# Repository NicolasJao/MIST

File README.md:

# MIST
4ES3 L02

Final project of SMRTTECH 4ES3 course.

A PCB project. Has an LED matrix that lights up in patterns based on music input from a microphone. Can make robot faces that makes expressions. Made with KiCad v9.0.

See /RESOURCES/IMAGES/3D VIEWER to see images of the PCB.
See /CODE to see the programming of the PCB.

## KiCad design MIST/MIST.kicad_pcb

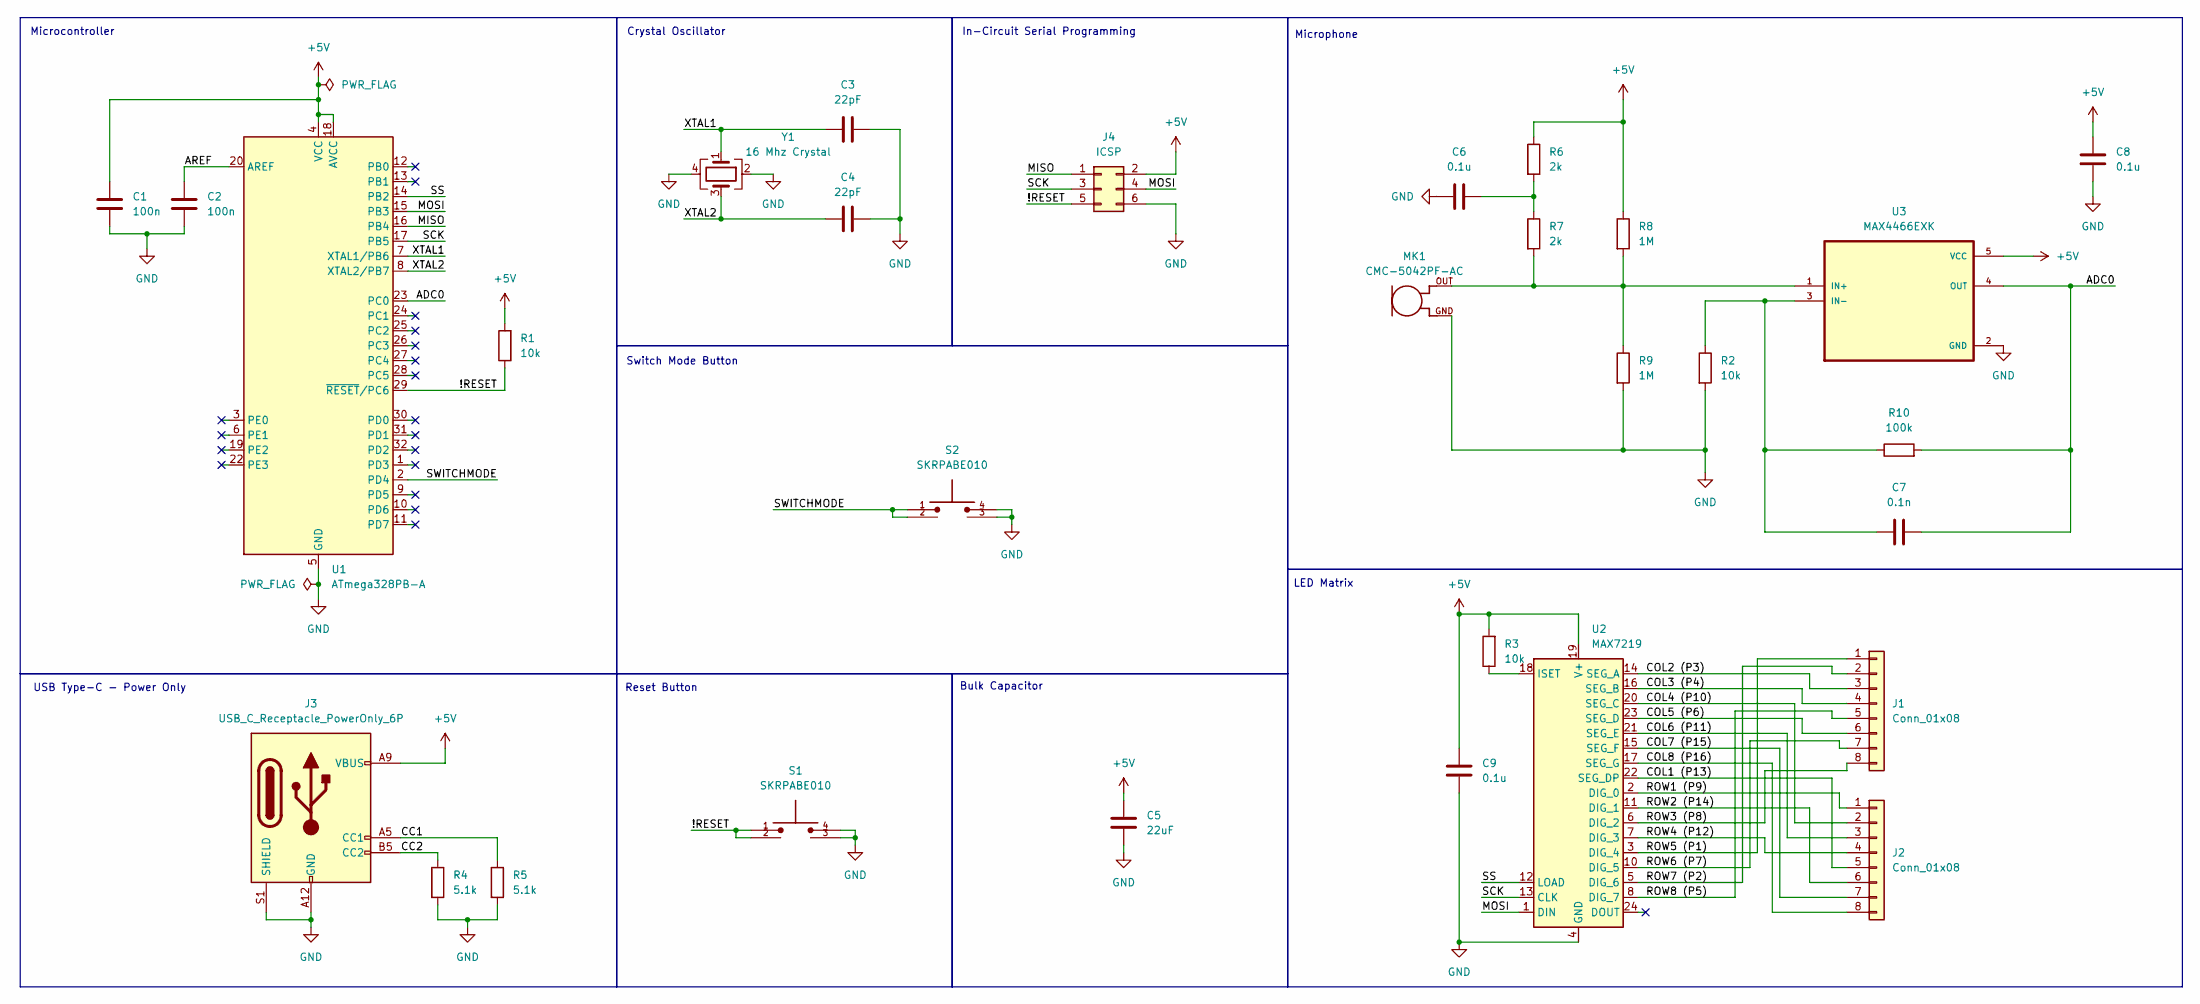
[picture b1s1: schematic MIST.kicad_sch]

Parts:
C1, C2: 100n; C_0805_2012Metric
C3, C4: 22pF; C_0805_2012Metric
C5: 22uF; C_0805_2012Metric
C6, C8, C9: 0.1u; C_0805_2012Metric
C7: 0.1n; C_0805_2012Metric
J1, J2: Conn_01x08; PinHeader_1x08_P2.54mm_Vertical
J3: USB_C_Receptacle_PowerOnly_6P; USB_C_Receptacle_GCT_USB4125-xx-x_6P_TopMnt_Horizontal
J4: ICSP; PinHeader_2x03_P2.54mm_Vertical
MK1: CMC-5042PF-AC; CUI_CMC-5042PF-AC
R1, R2: 10k; R_0805_2012Metric
R3: 10k; C_0805_2012Metric
R4, R5: 5.1k; C_0805_2012Metric
R6, R7: 2k; R_0805_2012Metric
R8, R9: 1M; R_0805_2012Metric
R10: 100k; R_0805_2012Metric
S1, S2: SKRPABE010; SW_SKRPABE010
U1: ATmega328PB-A; TQFP-32_7x7mm_P0.8mm
U2: MAX7219; SOIC-24W_7.5x15.4mm_P1.27mm
U3: MAX4466EXK; SOT65P210X110-5N
Y1: 16 Mhz Crystal; Crystal_SMD_3225-4Pin_3.2x2.5mm

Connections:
+5V: C1.2, C5.2, C8.1, C9.1, J3.A9 (VBUS), J3.B9 (VBUS), J4.2, R1.2, R3.2, R6.1, R8.1, U1.4 (VCC), U1.18 (AVCC), U2.19 (V+), U3.5 (VCC)
/!RESET: J4.5, R1.1, S1.1, S1.2, U1.29 (~RESET/PC6)
/ADC0: C7.2, R10.2, U1.23 (PC0), U3.4 (OUT)
/AREF: C2.2, U1.20 (AREF)
/CC1: J3.A5 (CC1), R5.1
/CC2: J3.B5 (CC2), R4.1
/COL1 (P13): J2.5, U2.22 (SEG_DP)
/COL2 (P3): J1.3, U2.14 (SEG_A)
/COL3 (P4): J1.4, U2.16 (SEG_B)
/COL4 (P10): J2.2, U2.20 (SEG_C)
/COL5 (P6): J1.6, U2.23 (SEG_D)
/COL6 (P11): J2.3, U2.21 (SEG_E)
/COL7 (P15): J2.7, U2.15 (SEG_F)
/COL8 (P16): J2.8, U2.17 (SEG_G)
/MISO: J4.1, U1.16 (PB4)
/MOSI: J4.4, U1.15 (PB3), U2.1 (DIN)
/ROW1 (P9): J2.1, U2.2 (DIG_0)
/ROW2 (P14): J2.6, U2.11 (DIG_1)
/ROW3 (P8): J1.8, U2.6 (DIG_2)
/ROW4 (P12): J2.4, U2.7 (DIG_3)
/ROW5 (P1): J1.1, U2.3 (DIG_4)
/ROW6 (P7): J1.7, U2.10 (DIG_5)
/ROW7 (P2): J1.2, U2.5 (DIG_6)
/ROW8 (P5): J1.5, U2.8 (DIG_7)
/SCK: J4.3, U1.17 (PB5), U2.13 (CLK)
/SS: U1.14 (PB2), U2.12 (LOAD)
/SWITCHMODE: S2.1, S2.2, U1.2 (PD4)
/XTAL1: C3.1, U1.7 (XTAL1/PB6), Y1.1
/XTAL2: C4.2, U1.8 (XTAL2/PB7), Y1.3
GND: C1.1, C2.1, C3.2, C4.1, C5.1, C6.1, C8.2, C9.2, J3.A12 (GND), J3.B12 (GND), J3.S1 (SHIELD), J4.6, MK1.GND, R2.2, R4.2, R5.2, R9.2, S1.3, S1.4, S2.3, S2.4, U1.5 (GND), U1.21 (GND), U2.4 (GND), U2.9 (GND), U3.2 (GND), Y1.2, Y1.4
unnamed: C6.2, R6.2, R7.1
unnamed: R3.1, U2.18 (ISET)
unnamed: MK1.OUT, R7.2, R8.2, R9.1, U3.1 (IN+)
unnamed: C7.1, R2.1, R10.1, U3.3 (IN-)

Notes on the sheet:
Bulk Capacitor
Switch Mode Button
LED Matrix
USB Type-C - Power Only
In-Circuit Serial Programming
Microcontroller
Reset Button
Crystal Oscillator
Microphone

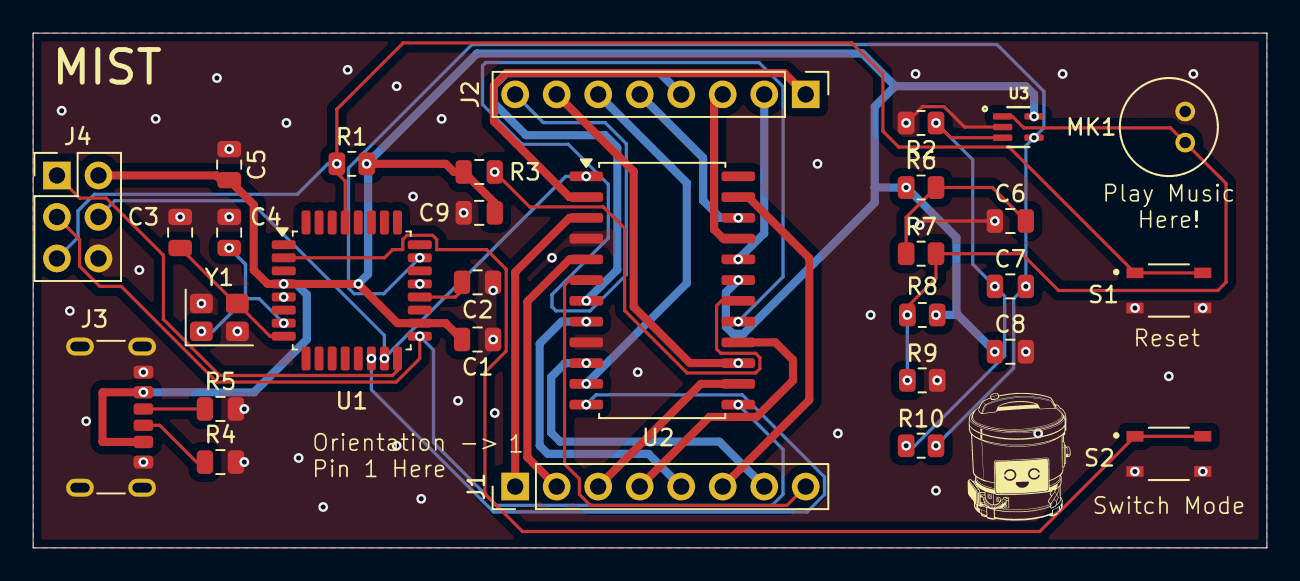
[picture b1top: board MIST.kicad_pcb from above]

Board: 2 copper layers, 75.5 x 31.5 mm, 30 parts (0 on the bottom side), 34 nets.

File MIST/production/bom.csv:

Designator,Footprint,Quantity,Value,LCSC Part #
"C1, C2",0805,2,100n,
"C3, C4",0805,2,22pF,
C5,0805,1,22uF,
"C6, C8, C9",0805,3,0.1u,
C7,0805,1,0.1n,
"J1, J2",PinHeader_1x08_P2.54mm_Vertical,2,Conn_01x08,
J3,USB_C_Receptacle_GCT_USB4125-xx-x_6P_TopMnt_Horizontal,1,USB_C_Receptacle_PowerOnly_6P,
J4,PinHeader_2x03_P2.54mm_Vertical,1,ICSP,
MK1,CUI_CMC-5042PF-AC,1,CMC-5042PF-AC,
"R1, R2, R3",0805,3,10k,
R10,0805,1,100k,
"R4, R5",0805,2,5.1k,
"R6, R7",0805,2,2k,
"R8, R9",0805,2,1M,
"S1, S2",SW_SKRPABE010,2,SKRPABE010,
U1,TQFP-32_7x7mm_P0.8mm,1,ATmega328PB-A,
U2,SOIC-24W_7.5x15.4mm_P1.27mm,1,MAX7219,
U3,SOT65P210X110-5N,1,MAX4466EXK,
Y1,Crystal_SMD_3225-4Pin_3.2x2.5mm,1,16 Mhz Crystal,

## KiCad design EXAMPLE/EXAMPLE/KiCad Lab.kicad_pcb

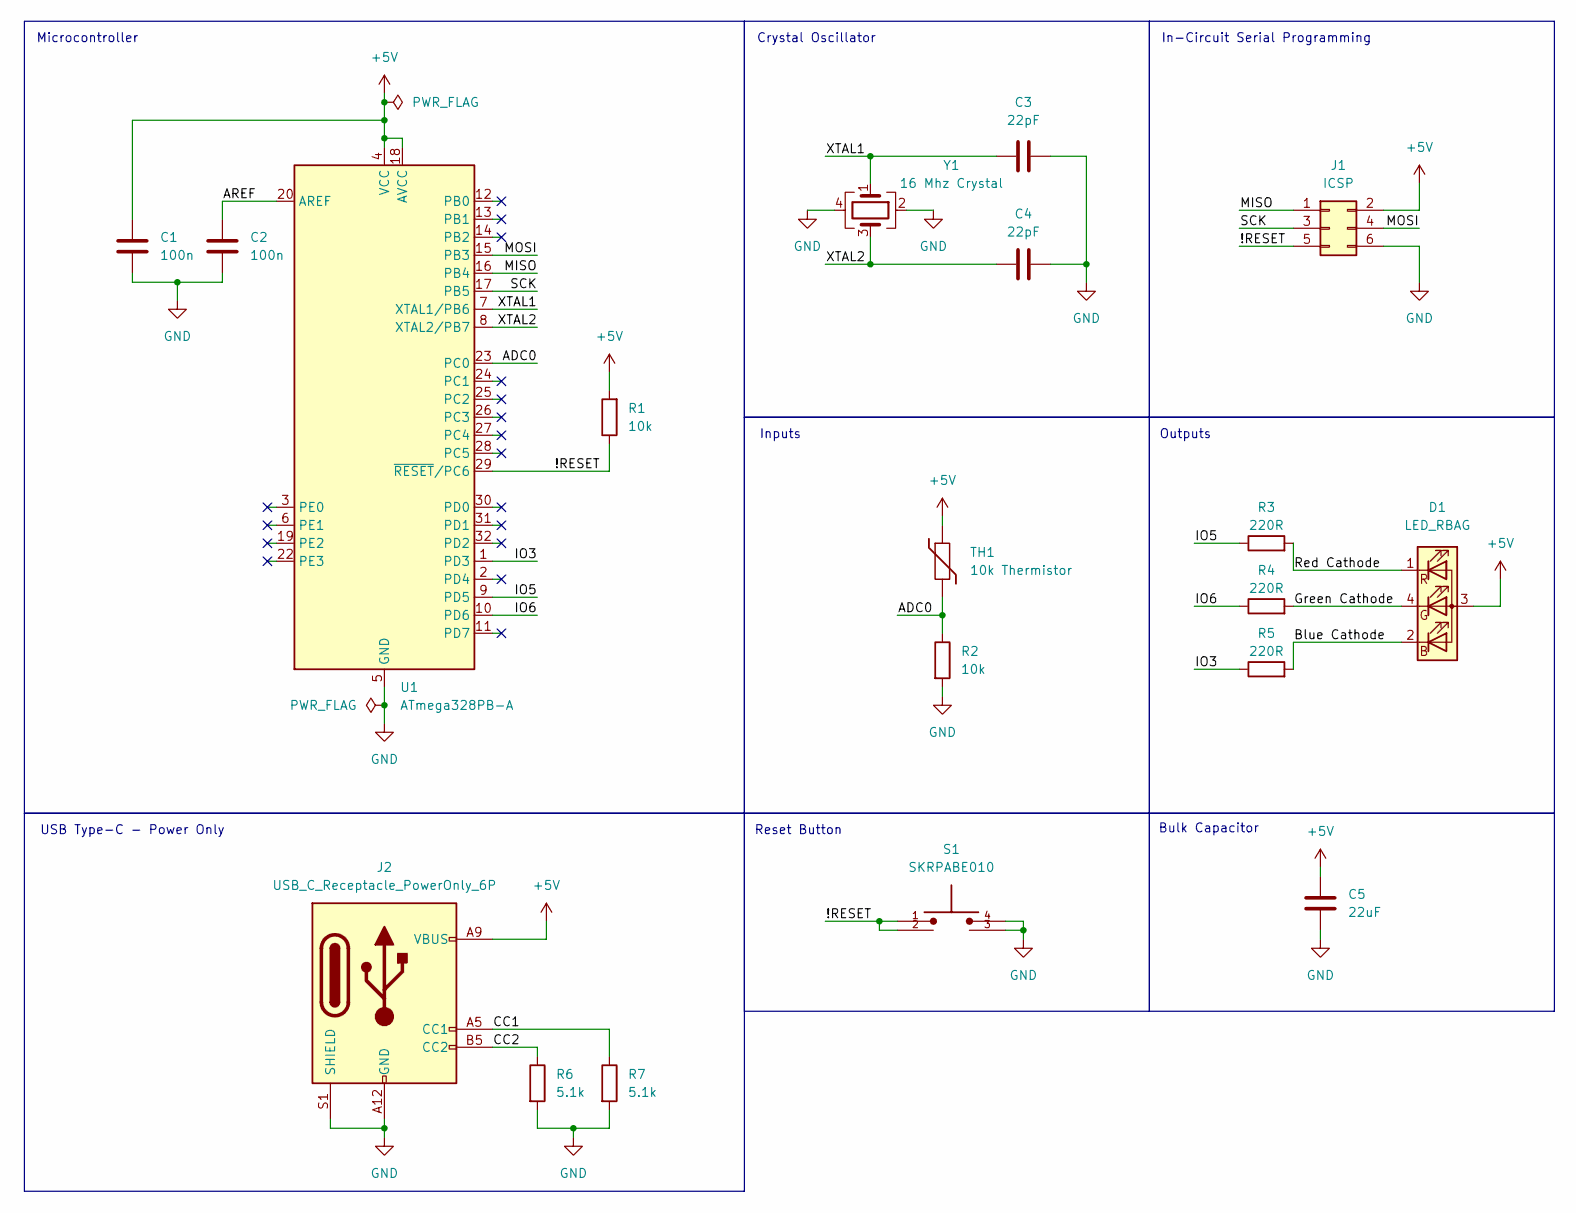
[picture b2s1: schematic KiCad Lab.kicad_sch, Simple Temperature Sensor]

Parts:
C1, C2: 100n; C_0805_2012Metric
C3, C4: 22pF; C_0805_2012Metric
C5: 22uF; C_0805_2012Metric
D1: LED_RBAG; LED_D5.0mm-4_RGB_Wide_Pins
J1: ICSP; PinHeader_2x03_P2.54mm_Vertical
J2: USB_C_Receptacle_PowerOnly_6P; USB_C_Receptacle_GCT_USB4125-xx-x_6P_TopMnt_Horizontal
R1, R2: 10k; R_1206_3216Metric
R3, R4, R5: 220R; R_1206_3216Metric
R6, R7: 5.1k; R_1206_3216Metric
S1: SKRPABE010; SW_SKRPABE010
TH1: 10k Thermistor; R_1206_3216Metric
U1: ATmega328PB-A; TQFP-32_7x7mm_P0.8mm
Y1: 16 Mhz Crystal; Crystal_SMD_3225-4Pin_3.2x2.5mm

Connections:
+5V: C1.2, C5.2, D1.3 (A), J1.2, J2.A9 (VBUS), J2.B9 (VBUS), R1.2, TH1.1, U1.4 (VCC), U1.18 (AVCC)
/!RESET: J1.5, R1.1, S1.1, S1.2, U1.29 (~RESET/PC6)
/ADC0: R2.1, TH1.2, U1.23 (PC0)
/AREF: C2.2, U1.20 (AREF)
/Blue Cathode: D1.2 (BK), R5.2
/CC1: J2.A5 (CC1), R7.1
/CC2: J2.B5 (CC2), R6.1
/Green Cathode: D1.4 (GK), R4.2
/IO3: R5.1, U1.1 (PD3)
/IO5: R3.1, U1.9 (PD5)
/IO6: R4.1, U1.10 (PD6)
/MISO: J1.1, U1.16 (PB4)
/MOSI: J1.4, U1.15 (PB3)
/Red Cathode: D1.1 (RK), R3.2
/SCK: J1.3, U1.17 (PB5)
/XTAL1: C3.1, U1.7 (XTAL1/PB6), Y1.1
/XTAL2: C4.2, U1.8 (XTAL2/PB7), Y1.3
GND: C1.1, C2.1, C3.2, C4.1, C5.1, J1.6, J2.A12 (GND), J2.B12 (GND), J2.S1 (SHIELD), R2.2, R6.2, R7.2, S1.3, S1.4, U1.5 (GND), U1.21 (GND), Y1.2, Y1.4

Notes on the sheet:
Inputs
In-Circuit Serial Programming
USB Type-C - Power Only
Microcontroller
Bulk Capacitor
Reset Button
Crystal Oscillator
Outputs

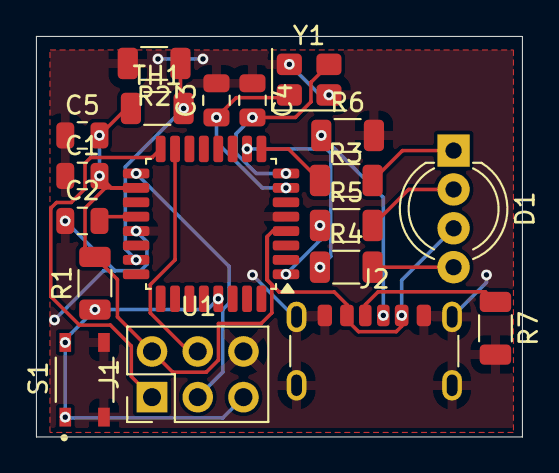
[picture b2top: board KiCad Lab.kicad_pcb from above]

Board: 2 copper layers, 27.0 x 22.2 mm, 19 parts (0 on the bottom side), 18 nets.

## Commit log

2026-03-08 did some stuff
2026-03-25 changed folder structure
2026-03-25 added a bunch of resources
2026-03-25 added README
2026-03-26 did stuff
2026-03-26 stuff
2026-03-29 finished BOM and added resources and started layout
2026-03-29 closed KiCad lol
2026-04-02 finished schematic. updated BOM. stuff.
2026-04-04 finished schematic and layout
2026-04-04 added GND planes to both layers and via stitched
2026-04-04 deleted 'how to import' html files lol
2026-04-04 edited README
2026-04-05 rearranged images folder
2026-04-05 added code folder
2026-04-20 fixed wrong matrix pin mappings schematic.
2026-04-20 fixed matrix pin mappings on layout. updated bitmap silkscreens.

### WORK REQUIRED
Using the listing above, copy exactly the line that contains "[picture b2top: board", the line that contains "2026-03-26 stuff", and each line that falls between them.

### WRITTEN SOLUTION
[picture b2top: board KiCad Lab.kicad_pcb from above]

Board: 2 copper layers, 27.0 x 22.2 mm, 19 parts (0 on the bottom side), 18 nets.

## Commit log

2026-03-08 did some stuff
2026-03-25 changed folder structure
2026-03-25 added a bunch of resources
2026-03-25 added README
2026-03-26 did stuff
2026-03-26 stuff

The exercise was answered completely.